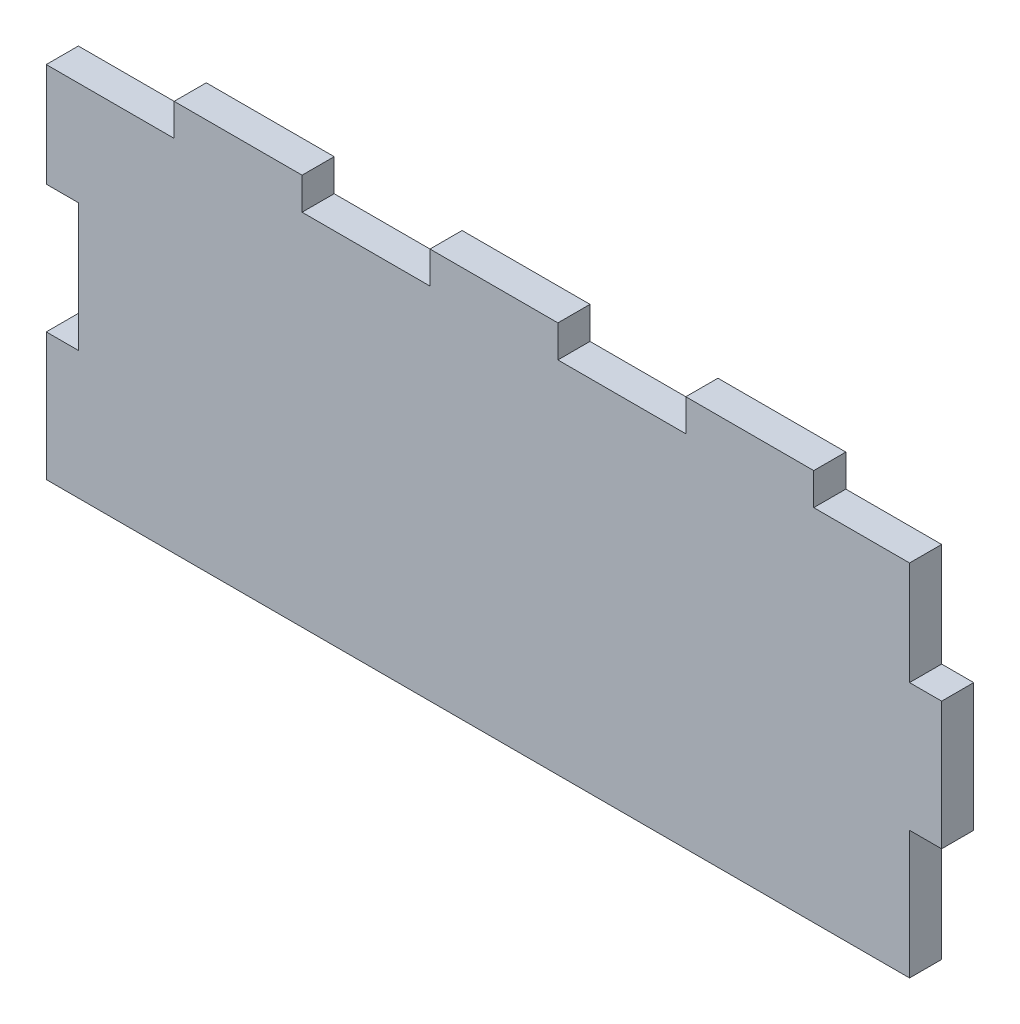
ISO-10303-21;
HEADER;
FILE_DESCRIPTION(('STEP AP214'),'2;1');
FILE_NAME('part.step','',(''),(''),'','','');
FILE_SCHEMA(('AUTOMOTIVE_DESIGN { 1 0 10303 214 1 1 1 1 }'));
ENDSEC;
DATA;
#1=APPLICATION_CONTEXT('core data for automotive mechanical design processes');
#2=APPLICATION_PROTOCOL_DEFINITION('international standard','automotive_design',2000,#1);
#3=PRODUCT_CONTEXT('',#1,'mechanical');
#4=PRODUCT('Part','Part','',(#3));
#5=PRODUCT_RELATED_PRODUCT_CATEGORY('part','',(#4));
#6=PRODUCT_DEFINITION_FORMATION('','',#4);
#7=PRODUCT_DEFINITION_CONTEXT('part definition',#1,'design');
#8=PRODUCT_DEFINITION('design','',#6,#7);
#9=PRODUCT_DEFINITION_SHAPE('','',#8);
#10=(LENGTH_UNIT() NAMED_UNIT(*) SI_UNIT(.MILLI.,.METRE.));
#11=(NAMED_UNIT(*) PLANE_ANGLE_UNIT() SI_UNIT($,.RADIAN.));
#12=(NAMED_UNIT(*) SI_UNIT($,.STERADIAN.) SOLID_ANGLE_UNIT());
#13=UNCERTAINTY_MEASURE_WITH_UNIT(LENGTH_MEASURE(1.E-05),#10,'distance_accuracy_value','');
#14=(GEOMETRIC_REPRESENTATION_CONTEXT(3) GLOBAL_UNCERTAINTY_ASSIGNED_CONTEXT((#13)) GLOBAL_UNIT_ASSIGNED_CONTEXT((#10,
#11,#12)) REPRESENTATION_CONTEXT('',''));
#15=CARTESIAN_POINT('',(0.,0.,0.));
#16=DIRECTION('',(0.,0.,1.));
#17=DIRECTION('',(1.,0.,0.));
#18=AXIS2_PLACEMENT_3D('',#15,#16,#17);
#19=CARTESIAN_POINT('',(417.168909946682,643.181563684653,19.));
#20=DIRECTION('',(0.,-1.,0.));
#21=DIRECTION('',(0.,0.,-1.));
#22=AXIS2_PLACEMENT_3D('',#19,#20,#21);
#23=PLANE('',#22);
#24=DIRECTION('',(-1.,0.,0.));
#25=VECTOR('',#24,1.);
#26=CARTESIAN_POINT('',(417.168909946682,643.181563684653,0.));
#27=LINE('',#26,#25);
#28=CARTESIAN_POINT('',(492.883195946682,643.181563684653,0.));
#29=VERTEX_POINT('',#28);
#30=CARTESIAN_POINT('',(417.168909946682,643.181563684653,0.));
#31=VERTEX_POINT('',#30);
#32=EDGE_CURVE('E225',#29,#31,#27,.T.);
#33=ORIENTED_EDGE('',*,*,#32,.T.);
#34=DIRECTION('',(0.,0.,-1.));
#35=VECTOR('',#34,1.);
#36=CARTESIAN_POINT('',(417.168909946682,643.181563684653,19.));
#37=LINE('',#36,#35);
#38=CARTESIAN_POINT('',(417.168909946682,643.181563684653,19.));
#39=VERTEX_POINT('',#38);
#40=EDGE_CURVE('E11',#39,#31,#37,.T.);
#41=ORIENTED_EDGE('',*,*,#40,.F.);
#42=DIRECTION('',(-1.,0.,0.));
#43=VECTOR('',#42,1.);
#44=CARTESIAN_POINT('',(417.168909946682,643.181563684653,19.));
#45=LINE('',#44,#43);
#46=CARTESIAN_POINT('',(492.883195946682,643.181563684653,19.));
#47=VERTEX_POINT('',#46);
#48=EDGE_CURVE('E271',#47,#39,#45,.T.);
#49=ORIENTED_EDGE('',*,*,#48,.F.);
#50=DIRECTION('',(0.,0.,-1.));
#51=VECTOR('',#50,1.);
#52=CARTESIAN_POINT('',(492.883195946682,643.181563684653,19.));
#53=LINE('',#52,#51);
#54=EDGE_CURVE('E221',#47,#29,#53,.T.);
#55=ORIENTED_EDGE('',*,*,#54,.T.);
#56=EDGE_LOOP('',(#33,#41,#49,#55));
#57=FACE_BOUND('',#56,.T.);
#58=ADVANCED_FACE('F33',(#57),#23,.F.);
#59=CARTESIAN_POINT('',(417.168909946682,643.181563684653,19.));
#60=DIRECTION('',(1.,0.,0.));
#61=DIRECTION('',(0.,1.,0.));
#62=AXIS2_PLACEMENT_3D('',#59,#60,#61);
#63=PLANE('',#62);
#64=DIRECTION('',(0.,-1.,0.));
#65=VECTOR('',#64,1.);
#66=CARTESIAN_POINT('',(417.168909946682,643.181563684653,0.));
#67=LINE('',#66,#65);
#68=CARTESIAN_POINT('',(417.168909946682,624.181563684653,0.));
#69=VERTEX_POINT('',#68);
#70=EDGE_CURVE('E228',#31,#69,#67,.T.);
#71=ORIENTED_EDGE('',*,*,#70,.T.);
#72=DIRECTION('',(0.,0.,-1.));
#73=VECTOR('',#72,1.);
#74=CARTESIAN_POINT('',(417.168909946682,624.181563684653,19.));
#75=LINE('',#74,#73);
#76=CARTESIAN_POINT('',(417.168909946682,624.181563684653,19.));
#77=VERTEX_POINT('',#76);
#78=EDGE_CURVE('E41',#77,#69,#75,.T.);
#79=ORIENTED_EDGE('',*,*,#78,.F.);
#80=DIRECTION('',(0.,-1.,0.));
#81=VECTOR('',#80,1.);
#82=CARTESIAN_POINT('',(417.168909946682,643.181563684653,19.));
#83=LINE('',#82,#81);
#84=EDGE_CURVE('E140',#39,#77,#83,.T.);
#85=ORIENTED_EDGE('',*,*,#84,.F.);
#86=ORIENTED_EDGE('',*,*,#40,.T.);
#87=EDGE_LOOP('',(#71,#79,#85,#86));
#88=FACE_BOUND('',#87,.T.);
#89=ADVANCED_FACE('F409',(#88),#63,.F.);
#90=CARTESIAN_POINT('',(341.454623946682,624.181563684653,19.));
#91=DIRECTION('',(0.,-1.,0.));
#92=DIRECTION('',(0.,0.,-1.));
#93=AXIS2_PLACEMENT_3D('',#90,#91,#92);
#94=PLANE('',#93);
#95=DIRECTION('',(-1.,0.,0.));
#96=VECTOR('',#95,1.);
#97=CARTESIAN_POINT('',(341.454623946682,624.181563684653,0.));
#98=LINE('',#97,#96);
#99=CARTESIAN_POINT('',(341.454623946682,624.181563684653,0.));
#100=VERTEX_POINT('',#99);
#101=EDGE_CURVE('E230',#69,#100,#98,.T.);
#102=ORIENTED_EDGE('',*,*,#101,.T.);
#103=DIRECTION('',(0.,0.,-1.));
#104=VECTOR('',#103,1.);
#105=CARTESIAN_POINT('',(341.454623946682,624.181563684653,19.));
#106=LINE('',#105,#104);
#107=CARTESIAN_POINT('',(341.454623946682,624.181563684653,19.));
#108=VERTEX_POINT('',#107);
#109=EDGE_CURVE('E326',#108,#100,#106,.T.);
#110=ORIENTED_EDGE('',*,*,#109,.F.);
#111=DIRECTION('',(-1.,0.,0.));
#112=VECTOR('',#111,1.);
#113=CARTESIAN_POINT('',(341.454623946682,624.181563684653,19.));
#114=LINE('',#113,#112);
#115=EDGE_CURVE('E334',#77,#108,#114,.T.);
#116=ORIENTED_EDGE('',*,*,#115,.F.);
#117=ORIENTED_EDGE('',*,*,#78,.T.);
#118=EDGE_LOOP('',(#102,#110,#116,#117));
#119=FACE_BOUND('',#118,.T.);
#120=ADVANCED_FACE('F332',(#119),#94,.F.);
#121=CARTESIAN_POINT('',(341.454623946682,562.852992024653,19.));
#122=DIRECTION('',(1.,0.,0.));
#123=DIRECTION('',(0.,0.,-1.));
#124=AXIS2_PLACEMENT_3D('',#121,#122,#123);
#125=PLANE('',#124);
#126=DIRECTION('',(0.,-1.,0.));
#127=VECTOR('',#126,1.);
#128=CARTESIAN_POINT('',(341.454623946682,562.852992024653,0.));
#129=LINE('',#128,#127);
#130=CARTESIAN_POINT('',(341.454623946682,562.852992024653,0.));
#131=VERTEX_POINT('',#130);
#132=EDGE_CURVE('E232',#100,#131,#129,.T.);
#133=ORIENTED_EDGE('',*,*,#132,.T.);
#134=DIRECTION('',(0.,0.,-1.));
#135=VECTOR('',#134,1.);
#136=CARTESIAN_POINT('',(341.454623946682,562.852992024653,19.));
#137=LINE('',#136,#135);
#138=CARTESIAN_POINT('',(341.454623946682,562.852992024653,19.));
#139=VERTEX_POINT('',#138);
#140=EDGE_CURVE('E323',#139,#131,#137,.T.);
#141=ORIENTED_EDGE('',*,*,#140,.F.);
#142=DIRECTION('',(0.,-1.,0.));
#143=VECTOR('',#142,1.);
#144=CARTESIAN_POINT('',(341.454623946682,562.852992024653,19.));
#145=LINE('',#144,#143);
#146=EDGE_CURVE('E352',#108,#139,#145,.T.);
#147=ORIENTED_EDGE('',*,*,#146,.F.);
#148=ORIENTED_EDGE('',*,*,#109,.T.);
#149=EDGE_LOOP('',(#133,#141,#147,#148));
#150=FACE_BOUND('',#149,.T.);
#151=ADVANCED_FACE('F343',(#150),#125,.F.);
#152=CARTESIAN_POINT('',(341.454623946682,562.852992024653,19.));
#153=DIRECTION('',(0.,1.,0.));
#154=DIRECTION('',(0.,0.,1.));
#155=AXIS2_PLACEMENT_3D('',#152,#153,#154);
#156=PLANE('',#155);
#157=DIRECTION('',(1.,0.,0.));
#158=VECTOR('',#157,1.);
#159=CARTESIAN_POINT('',(341.454623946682,562.852992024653,0.));
#160=LINE('',#159,#158);
#161=CARTESIAN_POINT('',(360.454623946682,562.852992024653,0.));
#162=VERTEX_POINT('',#161);
#163=EDGE_CURVE('E234',#131,#162,#160,.T.);
#164=ORIENTED_EDGE('',*,*,#163,.T.);
#165=DIRECTION('',(0.,0.,-1.));
#166=VECTOR('',#165,1.);
#167=CARTESIAN_POINT('',(360.454623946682,562.852992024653,19.));
#168=LINE('',#167,#166);
#169=CARTESIAN_POINT('',(360.454623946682,562.852992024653,19.));
#170=VERTEX_POINT('',#169);
#171=EDGE_CURVE('E320',#170,#162,#168,.T.);
#172=ORIENTED_EDGE('',*,*,#171,.F.);
#173=DIRECTION('',(1.,0.,0.));
#174=VECTOR('',#173,1.);
#175=CARTESIAN_POINT('',(341.454623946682,562.852992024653,19.));
#176=LINE('',#175,#174);
#177=EDGE_CURVE('E349',#139,#170,#176,.T.);
#178=ORIENTED_EDGE('',*,*,#177,.F.);
#179=ORIENTED_EDGE('',*,*,#140,.T.);
#180=EDGE_LOOP('',(#164,#172,#178,#179));
#181=FACE_BOUND('',#180,.T.);
#182=ADVANCED_FACE('F347',(#181),#156,.F.);
#183=CARTESIAN_POINT('',(360.454623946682,562.852992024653,19.));
#184=DIRECTION('',(1.,0.,0.));
#185=DIRECTION('',(0.,0.,-1.));
#186=AXIS2_PLACEMENT_3D('',#183,#184,#185);
#187=PLANE('',#186);
#188=DIRECTION('',(0.,-1.,0.));
#189=VECTOR('',#188,1.);
#190=CARTESIAN_POINT('',(360.454623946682,562.852992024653,0.));
#191=LINE('',#190,#189);
#192=CARTESIAN_POINT('',(360.454623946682,487.138706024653,0.));
#193=VERTEX_POINT('',#192);
#194=EDGE_CURVE('E236',#162,#193,#191,.T.);
#195=ORIENTED_EDGE('',*,*,#194,.T.);
#196=DIRECTION('',(0.,0.,-1.));
#197=VECTOR('',#196,1.);
#198=CARTESIAN_POINT('',(360.454623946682,487.138706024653,19.));
#199=LINE('',#198,#197);
#200=CARTESIAN_POINT('',(360.454623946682,487.138706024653,19.));
#201=VERTEX_POINT('',#200);
#202=EDGE_CURVE('E317',#201,#193,#199,.T.);
#203=ORIENTED_EDGE('',*,*,#202,.F.);
#204=DIRECTION('',(0.,-1.,0.));
#205=VECTOR('',#204,1.);
#206=CARTESIAN_POINT('',(360.454623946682,562.852992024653,19.));
#207=LINE('',#206,#205);
#208=EDGE_CURVE('E351',#170,#201,#207,.T.);
#209=ORIENTED_EDGE('',*,*,#208,.F.);
#210=ORIENTED_EDGE('',*,*,#171,.T.);
#211=EDGE_LOOP('',(#195,#203,#209,#210));
#212=FACE_BOUND('',#211,.T.);
#213=ADVANCED_FACE('F422',(#212),#187,.F.);
#214=CARTESIAN_POINT('',(341.454623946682,487.138706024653,19.));
#215=DIRECTION('',(0.,-1.,0.));
#216=DIRECTION('',(0.,0.,-1.));
#217=AXIS2_PLACEMENT_3D('',#214,#215,#216);
#218=PLANE('',#217);
#219=DIRECTION('',(-1.,0.,0.));
#220=VECTOR('',#219,1.);
#221=CARTESIAN_POINT('',(341.454623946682,487.138706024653,0.));
#222=LINE('',#221,#220);
#223=CARTESIAN_POINT('',(341.454623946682,487.138706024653,0.));
#224=VERTEX_POINT('',#223);
#225=EDGE_CURVE('E238',#193,#224,#222,.T.);
#226=ORIENTED_EDGE('',*,*,#225,.T.);
#227=DIRECTION('',(0.,0.,-1.));
#228=VECTOR('',#227,1.);
#229=CARTESIAN_POINT('',(341.454623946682,487.138706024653,19.));
#230=LINE('',#229,#228);
#231=CARTESIAN_POINT('',(341.454623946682,487.138706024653,19.));
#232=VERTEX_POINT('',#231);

### Aim of the task:
Within the material above, output exactly the lines from the one with "#17=DIRECTION('',(1.,0.,0.));" through the one with "#59=CARTESIAN_POINT('',(417.168909946682,643.181563684653,19.));", end lines included, and nothing besides.

### Finished task:
#17=DIRECTION('',(1.,0.,0.));
#18=AXIS2_PLACEMENT_3D('',#15,#16,#17);
#19=CARTESIAN_POINT('',(417.168909946682,643.181563684653,19.));
#20=DIRECTION('',(0.,-1.,0.));
#21=DIRECTION('',(0.,0.,-1.));
#22=AXIS2_PLACEMENT_3D('',#19,#20,#21);
#23=PLANE('',#22);
#24=DIRECTION('',(-1.,0.,0.));
#25=VECTOR('',#24,1.);
#26=CARTESIAN_POINT('',(417.168909946682,643.181563684653,0.));
#27=LINE('',#26,#25);
#28=CARTESIAN_POINT('',(492.883195946682,643.181563684653,0.));
#29=VERTEX_POINT('',#28);
#30=CARTESIAN_POINT('',(417.168909946682,643.181563684653,0.));
#31=VERTEX_POINT('',#30);
#32=EDGE_CURVE('E225',#29,#31,#27,.T.);
#33=ORIENTED_EDGE('',*,*,#32,.T.);
#34=DIRECTION('',(0.,0.,-1.));
#35=VECTOR('',#34,1.);
#36=CARTESIAN_POINT('',(417.168909946682,643.181563684653,19.));
#37=LINE('',#36,#35);
#38=CARTESIAN_POINT('',(417.168909946682,643.181563684653,19.));
#39=VERTEX_POINT('',#38);
#40=EDGE_CURVE('E11',#39,#31,#37,.T.);
#41=ORIENTED_EDGE('',*,*,#40,.F.);
#42=DIRECTION('',(-1.,0.,0.));
#43=VECTOR('',#42,1.);
#44=CARTESIAN_POINT('',(417.168909946682,643.181563684653,19.));
#45=LINE('',#44,#43);
#46=CARTESIAN_POINT('',(492.883195946682,643.181563684653,19.));
#47=VERTEX_POINT('',#46);
#48=EDGE_CURVE('E271',#47,#39,#45,.T.);
#49=ORIENTED_EDGE('',*,*,#48,.F.);
#50=DIRECTION('',(0.,0.,-1.));
#51=VECTOR('',#50,1.);
#52=CARTESIAN_POINT('',(492.883195946682,643.181563684653,19.));
#53=LINE('',#52,#51);
#54=EDGE_CURVE('E221',#47,#29,#53,.T.);
#55=ORIENTED_EDGE('',*,*,#54,.T.);
#56=EDGE_LOOP('',(#33,#41,#49,#55));
#57=FACE_BOUND('',#56,.T.);
#58=ADVANCED_FACE('F33',(#57),#23,.F.);
#59=CARTESIAN_POINT('',(417.168909946682,643.181563684653,19.));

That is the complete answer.